> **Task brief**: Pull out every line below holding the word "ezdxf".

> **Given data**:

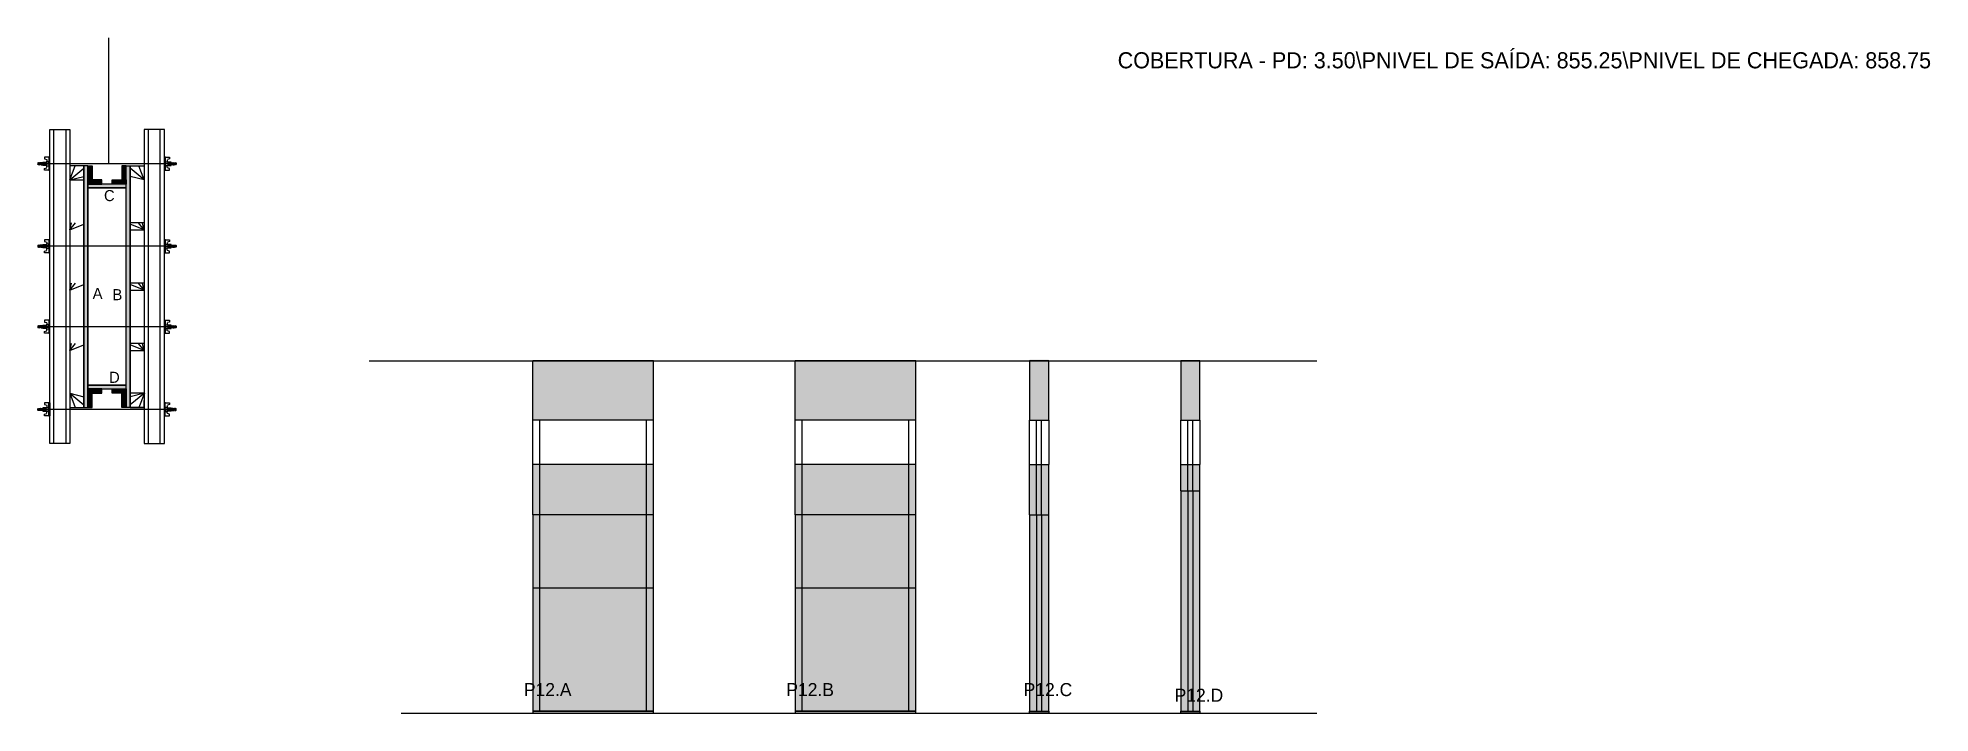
# Model space of a CAD drawing. Header units: metres. Extents: x 7690 to 9571, y 13542 to 14213.
import ezdxf

# ---------------------------------------------------------------- set-up
doc = ezdxf.new("R2010")
doc.units = ezdxf.units.M
for name, color, linetype in [('CHAPA', 7, 'Continuous'), ('COTA', 7, 'Continuous'), ('Hachura', 7, 'Continuous'), ('Madeira', 7, 'Continuous'), ('NOMENCLATURA', 7, 'Continuous'), ('Nível', 7, 'Continuous'), ('Painéis', 7, 'Continuous'), ('Perfil Metálico', 7, 'Continuous'), ('SARR_2.2x7', 7, 'Continuous'), ('SARRAFO', 7, 'Continuous'), ('Texto Seção', 7, 'Continuous'), ('TEXTO_GERAL', 7, 'Continuous')]:
    doc.layers.add(name, color=color, linetype=linetype)

msp = doc.modelspace()

# ---------------------------------------------------------------- hatches: boundary and pattern name
at = {"layer": 'COTA'}
h = msp.add_hatch(color=7, dxfattribs=at)
h.dxf.hatch_style = 1
h.paths.add_polyline_path([(8182.5, 13892.4), (8182.5, 13833.4), (8182.5, 13833.4), (8302.5, 13833.4), (8302.5, 13833.4), (8302.5, 13892.4), (8302.5, 13892.4), (8182.5, 13892.4)])
h = msp.add_hatch(color=7, dxfattribs=at)
h.dxf.hatch_style = 1
h.paths.add_polyline_path([(8443.3, 13892.4), (8443.3, 13833.4), (8443.3, 13833.4), (8563.3, 13833.4), (8563.3, 13833.4), (8563.3, 13892.4), (8563.3, 13892.4), (8443.3, 13892.4)])
h = msp.add_hatch(color=7, dxfattribs=at)
h.dxf.hatch_style = 1
h.paths.add_polyline_path([(8676.2, 13833.4), (8695.2, 13833.4), (8695.2, 13833.4), (8695.2, 13893.4), (8695.2, 13893.4), (8676.2, 13893.4), (8676.2, 13893.4), (8676.2, 13833.4)])
h = msp.add_hatch(color=7, dxfattribs=at)
h.dxf.hatch_style = 1
h.paths.add_polyline_path([(8845.6, 13833.4), (8845.6, 13892.4), (8845.6, 13892.4), (8826.6, 13892.4), (8826.6, 13892.4), (8826.6, 13833.4), (8826.6, 13833.4), (8845.6, 13833.4)])
at = {"layer": 'Hachura'}
h = msp.add_hatch(color=7, dxfattribs=at)
h.dxf.hatch_style = 1
h.paths.add_polyline_path([(7740.1, 14086.1), (7736.1, 14086.1), (7736.1, 14086.1), (7736.1, 13846.1), (7736.1, 13846.1), (7740.1, 13846.1), (7740.1, 13846.1), (7740.1, 14086.1)])
h = msp.add_hatch(color=7, dxfattribs=at)
h.dxf.hatch_style = 1
h.paths.add_polyline_path([(7740.1, 14086.1), (7736.1, 14086.1), (7736.1, 14086.1), (7736.1, 13846.1), (7736.1, 13846.1), (7740.1, 13846.1), (7740.1, 13846.1), (7740.1, 14086.1)])
h = msp.add_hatch(color=7, dxfattribs=at)
h.dxf.hatch_style = 1
h.paths.add_polyline_path([(7740.1, 14072.1), (7744.5, 14072.1), (7744.5, 14072.1), (7744.5, 14086.1), (7744.5, 14086.1), (7740.1, 14086.1), (7740.1, 14086.1), (7740.1, 14072.1)])
h = msp.add_hatch(color=7, dxfattribs=at)
h.dxf.hatch_style = 1
h.paths.add_polyline_path([(7740.1, 14067.7), (7740.1, 14072.1), (7740.1, 14072.1), (7754.1, 14072.1), (7754.1, 14072.1), (7754.1, 14067.7), (7754.1, 14067.7), (7740.1, 14067.7)])
h = msp.add_hatch(color=7, dxfattribs=at)
h.dxf.hatch_style = 1
h.paths.add_polyline_path([(7778.1, 14067.7), (7778.1, 14072.1), (7778.1, 14072.1), (7764.1, 14072.1), (7764.1, 14072.1), (7764.1, 14067.7), (7764.1, 14067.7), (7778.1, 14067.7)])
h = msp.add_hatch(color=7, dxfattribs=at)
h.dxf.hatch_style = 1
h.paths.add_polyline_path([(7778.1, 14072.1), (7773.7, 14072.1), (7773.7, 14072.1), (7773.7, 14086.1), (7773.7, 14086.1), (7778.1, 14086.1), (7778.1, 14086.1), (7778.1, 14072.1)])
h = msp.add_hatch(color=7, dxfattribs=at)
h.dxf.hatch_style = 1
h.paths.add_polyline_path([(7778.1, 14086.1), (7782.1, 14086.1), (7782.1, 14086.1), (7782.1, 13846.1), (7782.1, 13846.1), (7778.1, 13846.1), (7778.1, 13846.1), (7778.1, 14086.1)])
h = msp.add_hatch(color=7, dxfattribs=at)
h.dxf.hatch_style = 1
h.paths.add_polyline_path([(7778.1, 14086.1), (7782.1, 14086.1), (7782.1, 14086.1), (7782.1, 13846.1), (7782.1, 13846.1), (7778.1, 13846.1), (7778.1, 13846.1), (7778.1, 14086.1)])
h = msp.add_hatch(color=7, dxfattribs=at)
h.dxf.hatch_style = 1
h.paths.add_polyline_path([(7778.1, 14064.1), (7778.1, 14067.7), (7778.1, 14067.7), (7740.1, 14067.7), (7740.1, 14067.7), (7740.1, 14064.1), (7740.1, 14064.1), (7778.1, 14064.1)])
h = msp.add_hatch(color=7, dxfattribs=at)
h.dxf.hatch_style = 1
h.paths.add_polyline_path([(7778.1, 14064.1), (7778.1, 14067.7), (7778.1, 14067.7), (7740.1, 14067.7), (7740.1, 14067.7), (7740.1, 14064.1), (7740.1, 14064.1), (7778.1, 14064.1)])
h = msp.add_hatch(color=7, dxfattribs=at)
h.dxf.hatch_style = 1
h.paths.add_polyline_path([(7778.1, 13864.5), (7778.1, 13868.1), (7778.1, 13868.1), (7740.1, 13868.1), (7740.1, 13868.1), (7740.1, 13864.5), (7740.1, 13864.5), (7778.1, 13864.5)])
h = msp.add_hatch(color=7, dxfattribs=at)
h.dxf.hatch_style = 1
h.paths.add_polyline_path([(7778.1, 13864.5), (7778.1, 13868.1), (7778.1, 13868.1), (7740.1, 13868.1), (7740.1, 13868.1), (7740.1, 13864.5), (7740.1, 13864.5), (7778.1, 13864.5)])
h = msp.add_hatch(color=7, dxfattribs=at)
h.dxf.hatch_style = 1
h.paths.add_polyline_path([(7740.1, 13860.1), (7740.1, 13864.5), (7740.1, 13864.5), (7754.1, 13864.5), (7754.1, 13864.5), (7754.1, 13860.1), (7754.1, 13860.1), (7740.1, 13860.1)])
h = msp.add_hatch(color=7, dxfattribs=at)
h.dxf.hatch_style = 1
h.paths.add_polyline_path([(7778.1, 13860.1), (7778.1, 13864.5), (7778.1, 13864.5), (7764.1, 13864.5), (7764.1, 13864.5), (7764.1, 13860.1), (7764.1, 13860.1), (7778.1, 13860.1)])
h = msp.add_hatch(color=7, dxfattribs=at)
h.dxf.hatch_style = 1
h.paths.add_polyline_path([(7740.1, 13860.1), (7744.5, 13860.1), (7744.5, 13860.1), (7744.5, 13846.1), (7744.5, 13846.1), (7740.1, 13846.1), (7740.1, 13846.1), (7740.1, 13860.1)])
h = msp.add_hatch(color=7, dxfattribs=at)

> **Solution**:
import ezdxf
doc = ezdxf.new("R2010")
doc.units = ezdxf.units.M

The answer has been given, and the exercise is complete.